Leveraging Human Feedback to Evolve and Discover Novel Emergent Behaviors in Robot Swarms







Connor Mattson and Daniel S. Brown

Kalhert School of Computing, University of Utah

Abstract

Robot swarms often exhibit emergent behaviors that are fascinating to observe; however, it is often difficult to predict what swarm behaviors can emerge under a given set of agent capabilities. We seek to efficiently leverage human input to automatically discover a taxonomy of collective behaviors that can emerge from a particular multi-agent system, without requiring the human to know beforehand what behaviors are interesting or even possible. Our proposed approach adapts to user preferences by learning a similarity space over swarm collective behaviors using self-supervised learning and human-in-the-loop queries. We combine our learned similarity metric with novelty search and clustering to explore and categorize the space of possible swarm behaviors. We also propose several general-purpose heuristics that improve the efficiency of our novelty search by prioritizing robot controllers that are likely to lead to interesting emergent behaviors.

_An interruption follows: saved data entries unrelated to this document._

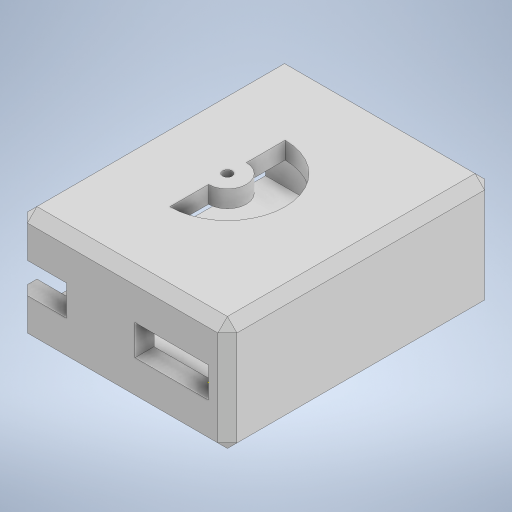
# Autodesk Inventor part: Flywheel Cutting Jig
Saved by Autodesk Inventor 2023 (Build 270158000, 158)
## iProperties
Created: 2022-12-31
Part Number: Flywheel Cutting Jig
Material: Generic
Document SubType Name: Modeling
Designer: tgr41
Density: 1 g/cm^3
Appearance: Default
Author: tgr41
Autodesk Inventor part; units mm, degrees
ref_plane "YZ Plane" through (0, 0, 0) normal (1, 0, 0) x (0, 1, 0)
ref_plane "XZ Plane" through (0, 0, 0) normal (0, 1, 0) x (-1, 0, 0)
ref_plane "XY Plane" through (0, 0, 0) normal (0, 0, 1) x (1, 0, 0)
sketch "Sketch1" plane through (0, 0, 0) normal (0, 1, 0) x (-1, 0, 0)
  line L0 (0, 0) -> (76.2, 0)
  line L1 (76.2, 0) -> (76.2, -76.2)
  line L2 (76.2, -76.2) -> (0, -76.2)
  line L3 (0, -76.2) -> (0, 0)
  line L4 (-6.35, 6.35) -> (76.2, 6.35)
  line L5 (76.2, -82.55) -> (-6.35, -82.55)
  line L6 (-6.35, -82.55) -> (-6.35, 6.35)
  line L7 (76.2, 6.35) -> (63.5, 6.35)
  line L8 (63.5, 6.35) -> (63.5, -82.55)
  line L9 (76.2, -38.1) -> (0, -38.1)
  line L10 (38.1, 0) -> (38.1, -76.2)
  circle A0 centre (38.1, -38.1) radius 3.048
  circle A1 centre (38.1, -38.1) radius 1.5875
  circle A2 centre (38.1, -38.1) radius 6.3171
  circle A3 centre (38.1, -38.1) radius 19.2182
  point P0 (63.5, 0)
  point P1 (63.5, -76.2)
  point P2 (38.1, -57.3182)
  point P3 (38.1, -44.4171)
  point P4 (38.1, -31.7829)
  point P5 (38.1, -18.8818)
  dimension "d0" = 76.2
  dimension "d1" = 76.2
  dimension "d2" = 6.35
  dimension "d3" = 6.35
  dimension "d4" = 6.35
  dimension "d6" = 12.7
  dimension "d7" = 6.096
  dimension "d12" = 3.175
  constraints: 22 end point, 5 midpoint, 4 centre point, 3 coincident, 3 parallel, 2 horizontal, 2 perpendicular, 2 point on line
  measures "d0" distance of L1.end L2.end
  measures "d1" distance of L0.end L1.end
  measures "d2" distance between parallel lines of L5 L2
  measures "d3" distance between parallel lines of L4 L0
  measures "d4" distance between parallel lines of L6 L3
  measures "d6" distance of L4.end L7.end
  measures "d7" diameter of A0
  measures "d12" diameter of A1
extrude "Extrusion1" add sketch "Sketch1" along normal mid plane 38.1 contours L3 L2 L8 L5 L6 L4 L0 | L0 L10 A3 L9 L3 | L0 L8 L9 A3 L10 | L9 A3 L10 L2 L3 | A3 L9 A2 L10 | L10 A2 L9 A3 | L9 A2 L10 A3 | L8 L2 L10 A3 L9 | A2 L9 A0 L10 | L10 A0 L9 A2 | A3 L10 A2 L9 | L9 A0 L10 A2 | A0 L9 A1 L10 | L10 A1 L9 A0 | A2 L10 A0 L9 | L9 A1 L10 A0 | A1 L9 L10 | L10 L9 A1 | A0 L10 A1 L9 | L9 L10 A1 | L9 A1 L10
extrude "Extrusion2" cut sketch "Sketch1" along normal mid plane 26.67 contours L0 L10 A3 L9 L3 | L0 L8 L9 A3 L10 | L9 A3 L10 L2 L3 | A3 L9 A2 L10 | L10 A2 L9 A3 | L9 A2 L10 A3 | L8 L2 L10 A3 L9 | A2 L9 A0 L10 | L10 A0 L9 A2 | A3 L10 A2 L9 | L9 A0 L10 A2 | A0 L9 A1 L10 | L10 A1 L9 A0 | A2 L10 A0 L9 | L9 A1 L10 A0 | A1 L9 L10 | L10 L9 A1 | A0 L10 A1 L9 | L9 L10 A1 | L9 A1 L10
extrude "Extrusion3" cut sketch "Sketch1" along normal blind 26.67 contours A1 L9 L10 | L10 L9 A1 | L9 L10 A1 | L9 A1 L10
extrude "Extrusion4" cut sketch "Sketch1" against normal blind 26.67 contours A0 L9 A1 L10 | L10 A1 L9 A0 | L9 A1 L10 A0 | A1 L9 L10 | L10 L9 A1 | A0 L10 A1 L9 | L9 L10 A1 | L9 A1 L10
extrude "Extrusion5" cut sketch "Sketch1" along normal mid plane 76.2 contours L10 A2 L9 A3 | L9 A2 L10 A3 picked at (24.03, -33.4265) picked at (23.3428, -39.5255)
chamfer "Chamfer1" distance 3.175 angle 45 12 edges at (6.35, -19.05, -38.1) (6.35, 0, -82.55) (6.35, 19.05, -38.1) (6.35, 0, 6.35) (-28.575, -19.05, 6.35) (-28.575, -19.05, -82.55) (-28.575, 19.05, 6.35) (-28.575, 19.05, -82.55) (-63.5, 0, -82.55) (-63.5, 19.05, -38.1) (-63.5, 0, 6.35) (-63.5, -19.05, -38.1)
sketch "Sketch2" plane through (-60.325, 15.875, 6.35) normal (0, 0, 1) x (1, 0, 0)
  line L0 (60.325, -15.875) -> (-14.3464, -15.875)
  line L1 (-14.3464, -15.875) -> (-14.3464, -10.795)
  line L2 (-3.175, -31.75) -> (-3.175, 0) projected
  line L3 (-14.3464, -10.795) -> (60.325, -10.795)
  line L4 (60.325, -29.21) -> (60.325, -2.54) projected
  line L5 (60.325, -10.795) -> (60.325, -20.955)
  line L6 (60.325, -20.955) -> (-14.3464, -20.955)
  line L7 (-14.3464, -20.955) -> (-14.3464, -15.875)
  line L8 (12.9951, -20.955) -> (12.9951, -10.795)
  line L9 (35.8551, -10.795) -> (35.8551, -20.955)
  dimension "d22" = 5.08
  dimension "d23" = 10.16
  dimension "d26" = 24.4699
  dimension "d27" = 22.86
  constraints: 16 end point, 6 point on line, 5 perpendicular, 2 parallel, 1 horizontal
  measures "d22" distance of L0.end L1.end
  measures "d23" distance of L3.end L5.end
  measures "d26" distance between parallel lines of L4 L9
  measures "d27" distance between parallel lines of L9 L8
extrude "Extrusion6" cut sketch "Sketch2" against normal blind 127 contours L4 L6 L9 L0 | L0 L9 L3 L4 | L8 L6 L2 L0 | L0 L2 L3 L8 | L2 L6 L7 L0 | L0 L1 L3 L2
sketch "Sketch3" plane through (-60.325, -15.875, 6.35) normal (0, 0, 1) x (1, 0, 0)
  point P0 (60.325, 15.875)
body "Solid1"
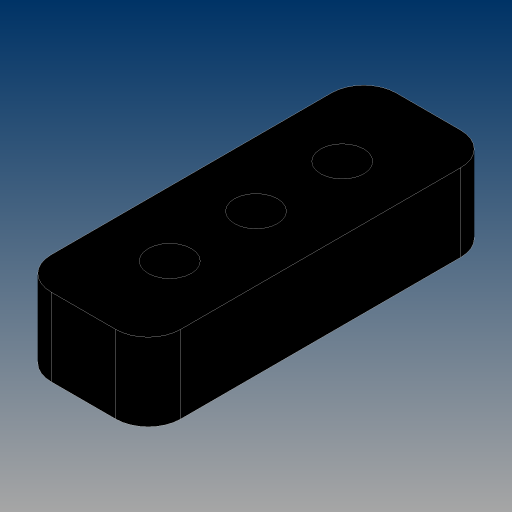
# Autodesk Inventor part: ELEV_026_HARDSTOP1
Saved by Autodesk Inventor 2024.3 (Build 283343000, 343)
## iProperties
Created: 2024-11-29
Part Number: ELEV_026_HARDSTOP1
Material: ABS Plastic
Document SubType Name: Modeling
Designer: Kenji
Density: 1.06 g/cm^3
Appearance: Anodized - Black
Author: Kenji
Autodesk Inventor part; units mm, degrees
ref_plane "YZ Plane" through (0, 0, 0) normal (1, 0, 0) x (0, 1, 0)
ref_plane "XZ Plane" through (0, 0, 0) normal (0, 1, 0) x (-1, 0, 0)
ref_plane "XY Plane" through (0, 0, 0) normal (0, 0, 1) x (1, 0, 0)
sketch "Sketch1" plane through (0, 0, 0) normal (0, 1, 0) x (-1, 0, 0)
  line L0 (4.7625, 0) -> (14.2875, 0)
  line L1 (19.05, -4.7625) -> (19.05, -46.0375)
  line L2 (14.2875, -50.8) -> (4.7625, -50.8)
  line L3 (0, -46.0375) -> (0, -4.7625)
  circle A0 centre (9.525, -12.7) radius 2.54 construction
  circle A1 centre (9.525, -25.4) radius 2.54 construction
  circle A2 centre (9.525, -38.1) radius 2.54 construction
  arc A3 (19.05, -4.7625) -> (14.2875, 0) centre (14.2875, -4.7625) ccw
  arc A4 (14.2875, -50.8) -> (19.05, -46.0375) centre (14.2875, -46.0375) ccw
  arc A5 (0, -46.0375) -> (4.7625, -50.8) centre (4.7625, -46.0375) ccw
  arc A6 (4.7625, 0) -> (0, -4.7625) centre (4.7625, -4.7625) ccw
  point P0 (0, 0)
  point P1 (9.525, -25.4)
  dimension "d0" = 50.8
  dimension "d1" = 19.05
  dimension "d2" = 12.7
  dimension "d3" = 12.7
  dimension "d4" = 12.7
  dimension "d5" = 9.525
  dimension "d6" = 5.08
  dimension "d7" = 4.7625
  constraints: 8 end point, 8 point on circle, 8 tangent, 7 centre point, 5 equal radius, 3 coincident, 2 parallel, 2 point on line, 2 vertical alignment, 1 horizontal, 1 perpendicular
  measures "d0" distance between parallel lines of L2 L0
  measures "d1" distance between parallel lines of L3 L1
  measures "d2" distance of A0.centre A1.centre
  measures "d3" distance of A2.centre A1.centre
  measures "d4" distance from line of L0 A0.centre
  measures "d5" distance from line of L3 A0.centre
  measures "d6" diameter of A0
  measures "d7" radius of A3
extrude "Extrusion1" add sketch "Sketch1" along normal blind 11.43
hole "Hole1" at (-9.525, 0, -38.1) at (-9.525, 0, -25.4) at (-9.525, 0, -38.1) at (-9.525, 0, -12.7) direction (0, 1, 0) diameter 6.35 depth 25.4 counterbore diameter 9.525 counterbore depth 6.35
body "Solid1"

We test our approach in simulation on two robot capability models and show that our methods consistently discover a richer set of emergent behaviors than prior work.

Emergent Behavior Examples: Single-Sensor Model

Cyclic Pursuit

Aggregation

Milling

Wall Following

Dispersal

Random

Emergent Behavior Examples: Two-Sensor Model

Nested Cycle

Concave Path

Novelty Search

We evolve over our behavior space for 100 generations at 100 population each. For each experiment, we evaluate the average number of distinct emergent behaviors returned by 𝑘-medoids for the final 10 generations of evolution. This averaging over medoids helps capture the impact of the behavior space shifting.  Below: Evolutionary Search over the Homogeneous Controller Space (Left) with the Novelty Search objective of diversifying the behavior space (right).

Results

We present the results of our methods when evolving a set of emergent behaviors and find that we are able to re-discover all known collective behaviors that exist on Brown et al.’s original single-sensor model. We also present two new behaviors, Nested Cycles and Concave Paths, that are possible given a two-sensor robot model. To the best of our knowledge, both behaviors were previously unknown to be possible on robots of this simple design.